Marie-Anne s'habituait à la cadence lente de la bête aux harnais luisants.
Elle pouvait voir le dos de la jument ondulant régulièrement à l'allure du pas, le poil rosissant par endroits aux lueurs du soleil couchant.
Assis à côté d'elle, dans le tonneau étroit, le vieux curé avait cessé de parler depuis un moment. Il tenait à peine les rênes et semblait perdu dans un rêverie vague.
Fâché ?
Malgré la fatigue du voyage, Marie-Anne se dit que c'était peut-être à elle de faire la conversation (...).
par Patrick Galmel, le 1er mars 2006
Marie-Anne arrive de Paris, diplômes en poche et grands principes en bandoulière. Elle vient tenir la classe de l'école "libre" de Nomville au cœur du bocage normand. Bien vite elle se trouve confrontée à un élément qu'elle n'avait pas pris en compte : la culture de l'alcool, la place de la goutte, du calva, dans la vie quotidienne des habitants du coin, fussent-ils des enfants.
Pierrot, lui, rentre d'Algérie. Extrait de sa ferme le temps des "évènements", il y revient avec des idées neuves et des ambitions, notamment en ce qui concerne l'écoulement des litres de gnôle qui coulent de l'alambic familial, voire de celui des voisins...

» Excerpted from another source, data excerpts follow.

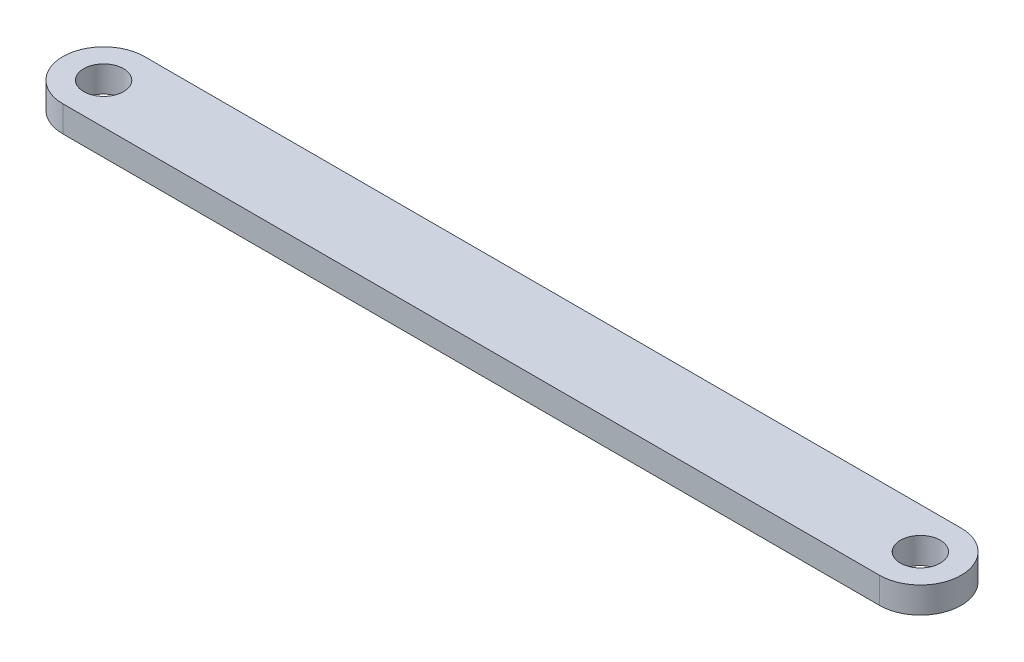
from build123d import *

# Parameters (mm, degrees)
SKETCH_1_R      = 6.1
EXTRUDE_1_DEPTH = 8


with BuildPart() as part:
    # 草图1 → 凸台-拉伸1 (new body)
    with BuildSketch(Plane(origin=(0, 0, 0), x_dir=(1, 0, 0), z_dir=(0, 1, 0))):
        with BuildLine():
            Line((0, 12.5), (250, 12.5))
            ThreePointArc((250, 12.5), (262.5, 0), (250, -12.5))
            Line((250, -12.5), (0, -12.5))
            ThreePointArc((0, -12.5), (-12.5, 0), (0, 12.5))
        make_face()
        with Locations(Location((0, 0, 0), (0, 0, 270))):
            Circle(SKETCH_1_R, mode=Mode.SUBTRACT)
        with Locations(Location((250, 0, 0), (0, 0, 270))):
            Circle(SKETCH_1_R, mode=Mode.SUBTRACT)
    extrude(amount=EXTRUDE_1_DEPTH)


solid = part.part

L'alcool est bien sûr au centre de ce roman de Jean Amila, on l'aura compris à son titre. Mais derrière les aventures de la jeune institutrice Marie-Anne et du jeune loup Pierrot, derrière l'éclairage posé sur l'organisation des trafics, les luttes d'influence, les compromissions, les alliances en matière d'écoulement d'alcool frauduleux, derrière la démonstration de la place prépondérante de la goutte dans la culture normande – et quelle place ! – se cache, m'a-t-il semblé, un autre sujet.
Ce roman, écrit en 1962, est aussi celui qui retranscrit le profond bouleversement des valeurs qui secoue la France et la société occidentale à cette époque. C'est le récit d'une jeunesse qui tend à l'émancipation, forte de ses espoirs, de ses envies, de ses ambitions, et se confronte au vieux monde en place qui n'est pas prêt à lui céder un pouce de terrain.
Qu'on l'interprète comme tel ou non, reste de toute façon un écriture limpide, une galerie de personnages d'une consistance palpable. Jean Amila n'est pas de ceux qui se cachent derrière une intrigue tortueuse pour construire leur propos. Il est de ces témoins qui racontent, avec des mots simples et justes, sans vouloir tordre la réalité pour la faire coïncider avec leur discours. Il met en scène, tout simplement, la vérité.
Quelques pistes à explorer, ou pas...
Jean Amila a écrit de nombreuses œuvres qui sont pourtant méconnues. Faites comme moi : rattrappez le temps perdu et partez en exploration au cœur de ses romans. Il n'est jamais trop tard pour bien faire.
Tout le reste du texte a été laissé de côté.